In Wilmington’s Lie, Zucchino demonstrates that the 1898 coup was a carefully engineered strategy masterminded by two high-level Democratic operatives, Josephus Daniels and Furnifold Simmons. He highlights how the Democrats used “political thuggery” to intimidate Republican candidates and stuff ballot boxes with Democratic votes. In doing so, he explores how the incitement and perpetuation of racial violence underpinned the coup, thereby challenging earlier historical narratives that whitewashed the event as a justified response to a race riot.

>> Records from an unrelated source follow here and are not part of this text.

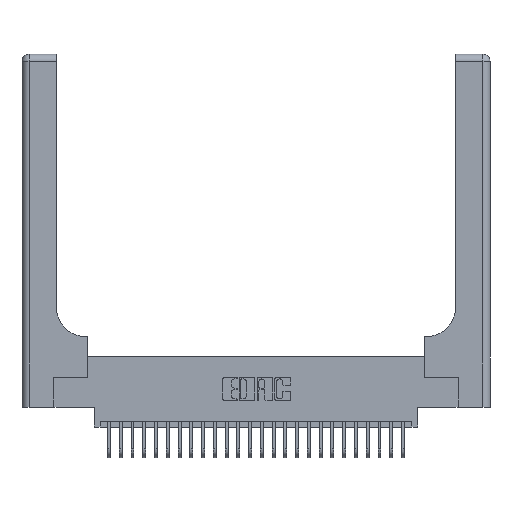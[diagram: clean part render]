
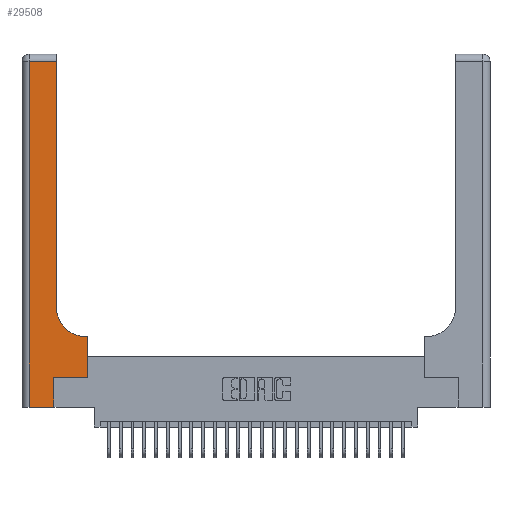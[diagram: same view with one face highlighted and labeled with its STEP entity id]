
A CAD part, top view. The second image highlights one B-rep face of the part: STEP entity #29508.
In plain terms, the highlighted planar face has unit normal (0, 0, 1).
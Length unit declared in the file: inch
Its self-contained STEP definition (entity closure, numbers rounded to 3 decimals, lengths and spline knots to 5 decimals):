
#420 = DIRECTION ( 'NONE',  ( 0., 1., 0. ) ) ;
#825 = VECTOR ( 'NONE', #24550, 39.37008 ) ;
#903 = DIRECTION ( 'NONE',  ( 0., 1., 0. ) ) ;
#986 = VECTOR ( 'NONE', #10392, 39.37008 ) ;
#1014 = CARTESIAN_POINT ( 'NONE',  ( 0.5585, 0.25, 0.37 ) ) ;
#1248 = CARTESIAN_POINT ( 'NONE',  ( 0.2915, 0.85, 0.37 ) ) ;
#1307 = CARTESIAN_POINT ( 'NONE',  ( 0., 3., 0.37 ) ) ;
#1370 = VECTOR ( 'NONE', #4524, 39.37008 ) ;
#1840 = EDGE_CURVE ( 'NONE', #20834, #14370, #20473, .T. ) ;
#2382 = LINE ( 'NONE', #19358, #25973 ) ;
#2664 = EDGE_CURVE ( 'NONE', #13703, #4546, #8328, .T. ) ;
#3345 = LINE ( 'NONE', #1014, #13419 ) ;
#3488 = VERTEX_POINT ( 'NONE', #14952 ) ;
#3701 = DIRECTION ( 'NONE',  ( -1., 0., 0. ) ) ;
#4209 = DIRECTION ( 'NONE',  ( -1., 0., 0. ) ) ;
#4524 = DIRECTION ( 'NONE',  ( 1., 0., 0. ) ) ;
#4546 = VERTEX_POINT ( 'NONE', #16423 ) ;
#4785 = VECTOR ( 'NONE', #4209, 39.37008 ) ;
#5335 = AXIS2_PLACEMENT_3D ( 'NONE', #1307, #17474, #3701 ) ;
#5416 = EDGE_CURVE ( 'NONE', #28510, #3488, #3345, .T. ) ;
#5700 = ORIENTED_EDGE ( 'NONE', *, *, #22689, .T. ) ;
#5807 = ORIENTED_EDGE ( 'NONE', *, *, #2664, .T. ) ;
#6302 = CARTESIAN_POINT ( 'NONE',  ( 0.2915, 0.6, 0.37 ) ) ;
#6320 = LINE ( 'NONE', #6302, #825 ) ;
#8328 = LINE ( 'NONE', #27809, #19757 ) ;
#8968 = CARTESIAN_POINT ( 'NONE',  ( 0.5415, 0.6, 0.37 ) ) ;
#9076 = CARTESIAN_POINT ( 'NONE',  ( 0.269, 0., 0.37 ) ) ;
#10392 = DIRECTION ( 'NONE',  ( 0., -1., 0. ) ) ;
#10709 = CARTESIAN_POINT ( 'NONE',  ( 0.06, 0., 0.37 ) ) ;
#10885 = LINE ( 'NONE', #29091, #4785 ) ;
#10978 = VERTEX_POINT ( 'NONE', #12902 ) ;
#11260 = ORIENTED_EDGE ( 'NONE', *, *, #17653, .T. ) ;
#11887 = CARTESIAN_POINT ( 'NONE',  ( 0.5415, 0.85, 0.37 ) ) ;
#12183 = ORIENTED_EDGE ( 'NONE', *, *, #23415, .T. ) ;
#12321 = EDGE_CURVE ( 'NONE', #10978, #28510, #20205, .T. ) ;
#12512 = ORIENTED_EDGE ( 'NONE', *, *, #26419, .T. ) ;
#12853 = PLANE ( 'NONE',  #5335 ) ;
#12902 = CARTESIAN_POINT ( 'NONE',  ( 0.269, 0.25, 0.37 ) ) ;
#13419 = VECTOR ( 'NONE', #28347, 39.37008 ) ;
#13703 = VERTEX_POINT ( 'NONE', #1248 ) ;
#14166 = DIRECTION ( 'NONE',  ( 1., 0., 0. ) ) ;
#14333 = VERTEX_POINT ( 'NONE', #8968 ) ;
#14370 = VERTEX_POINT ( 'NONE', #9076 ) ;
#14442 = ORIENTED_EDGE ( 'NONE', *, *, #12321, .T. ) ;
#14952 = CARTESIAN_POINT ( 'NONE',  ( 0.5585, 0.6, 0.37 ) ) ;
#14964 = CARTESIAN_POINT ( 'NONE',  ( 0.06, 3., 0.37 ) ) ;
#15302 = ORIENTED_EDGE ( 'NONE', *, *, #27871, .T. ) ;
#16423 = CARTESIAN_POINT ( 'NONE',  ( 0.2915, 2.94, 0.37 ) ) ;
#17121 = VERTEX_POINT ( 'NONE', #26458 ) ;
#17474 = DIRECTION ( 'NONE',  ( 0., 0., -1. ) ) ;
#17653 = EDGE_CURVE ( 'NONE', #14370, #10978, #2382, .T. ) ;
#17941 = CARTESIAN_POINT ( 'NONE',  ( 0.269, 0.25, 0.37 ) ) ;
#18338 = AXIS2_PLACEMENT_3D ( 'NONE', #11887, #27678, #14166 ) ;
#19358 = CARTESIAN_POINT ( 'NONE',  ( 0.269, 0., 0.37 ) ) ;
#19406 = EDGE_LOOP ( 'NONE', ( #5807, #12183, #5700, #21748, #11260, #14442, #27429, #15302, #12512 ) ) ;
#19482 = VECTOR ( 'NONE', #20224, 39.37008 ) ;
#19757 = VECTOR ( 'NONE', #420, 39.37008 ) ;
#20205 = LINE ( 'NONE', #17941, #19482 ) ;
#20224 = DIRECTION ( 'NONE',  ( 1., 0., 0. ) ) ;
#20473 = LINE ( 'NONE', #20555, #1370 ) ;
#20555 = CARTESIAN_POINT ( 'NONE',  ( 0., 0., 0.37 ) ) ;
#20834 = VERTEX_POINT ( 'NONE', #10709 ) ;
#21748 = ORIENTED_EDGE ( 'NONE', *, *, #1840, .T. ) ;
#22282 = CARTESIAN_POINT ( 'NONE',  ( 0.5585, 0.25, 0.37 ) ) ;
#22689 = EDGE_CURVE ( 'NONE', #17121, #20834, #26066, .T. ) ;
#23403 = FACE_OUTER_BOUND ( 'NONE', #19406, .T. ) ;
#23415 = EDGE_CURVE ( 'NONE', #4546, #17121, #10885, .T. ) ;
#24550 = DIRECTION ( 'NONE',  ( -1., 0., 0. ) ) ;
#25973 = VECTOR ( 'NONE', #903, 39.37008 ) ;
#26066 = LINE ( 'NONE', #14964, #986 ) ;
#26419 = EDGE_CURVE ( 'NONE', #14333, #13703, #26973, .T. ) ;
#26458 = CARTESIAN_POINT ( 'NONE',  ( 0.06, 2.94, 0.37 ) ) ;
#26973 = CIRCLE ( 'NONE', #18338, 0.25 ) ;
#27429 = ORIENTED_EDGE ( 'NONE', *, *, #5416, .T. ) ;
#27678 = DIRECTION ( 'NONE',  ( 0., 0., -1. ) ) ;
#27809 = CARTESIAN_POINT ( 'NONE',  ( 0.2915, 3., 0.37 ) ) ;
#27871 = EDGE_CURVE ( 'NONE', #3488, #14333, #6320, .T. ) ;
#28347 = DIRECTION ( 'NONE',  ( 0., 1., 0. ) ) ;
#28510 = VERTEX_POINT ( 'NONE', #22282 ) ;
#29091 = CARTESIAN_POINT ( 'NONE',  ( 0., 2.94, 0.37 ) ) ;
#29508 = ADVANCED_FACE ( 'NONE', ( #23403 ), #12853, .F. ) ;

One of the key myths about the Wilmington coup that was perpetuated immediately following the events of November 10th, 1898, was that it was a spontaneous and righteous uprising against a corrupt and dangerous city government and Black-organized violence. For example, the Raleigh News and Observer “compared the coup in Wilmington to the French Revolution” (266). The Wilmington Morning Star reported that “‘it was simply the unanimous uprising of the white people against conditions that had become intolerable’” (266). This version of events was repeated in authoritative sources, such as school history textbooks, for decades.
Zucchino, contesting this official narrative, instead begins his chronology of the events with a meeting of Daniels and Simmons in March 1898 in New Bern. At this meeting, they laid out their plans for how to solve “what they called ‘the Negro problem’” (65). Zucchino then goes on to describe the steps they took: Using Daniels’s newspapers to incite resentment and fear of the Black population of Wilmington and the Republican politicians who supported them; the organization of paramilitary and parapolitical groups to mobilize in the election and the coup the following day; the use of violence to intimidate Black voters and Republican politicians like Governor Russell; ballot box stuffing; and, finally, legislation to limit access to the ballot for Black men. This strategy was successful, ensuring Democratic control of North Carolina for decades.
Zucchino connects this political strategy with the Republican strategy in the 2010s to suppress the Black vote through Voter ID laws and gerrymandering. He also interviews the descendants of the Wilmington massacre. These interviews show that white people feel largely justified and unremorseful about their ancestors’ actions while, by contrast, Black descendants echo and lament the hurt and fear the attack caused in their community. Zucchino’s analysis thus suggests that the impacts of the coup and ongoing racial discrimination are still felt in present-day America, inviting readers to consider what lessons the coup of 1898 may contain for contemporary times.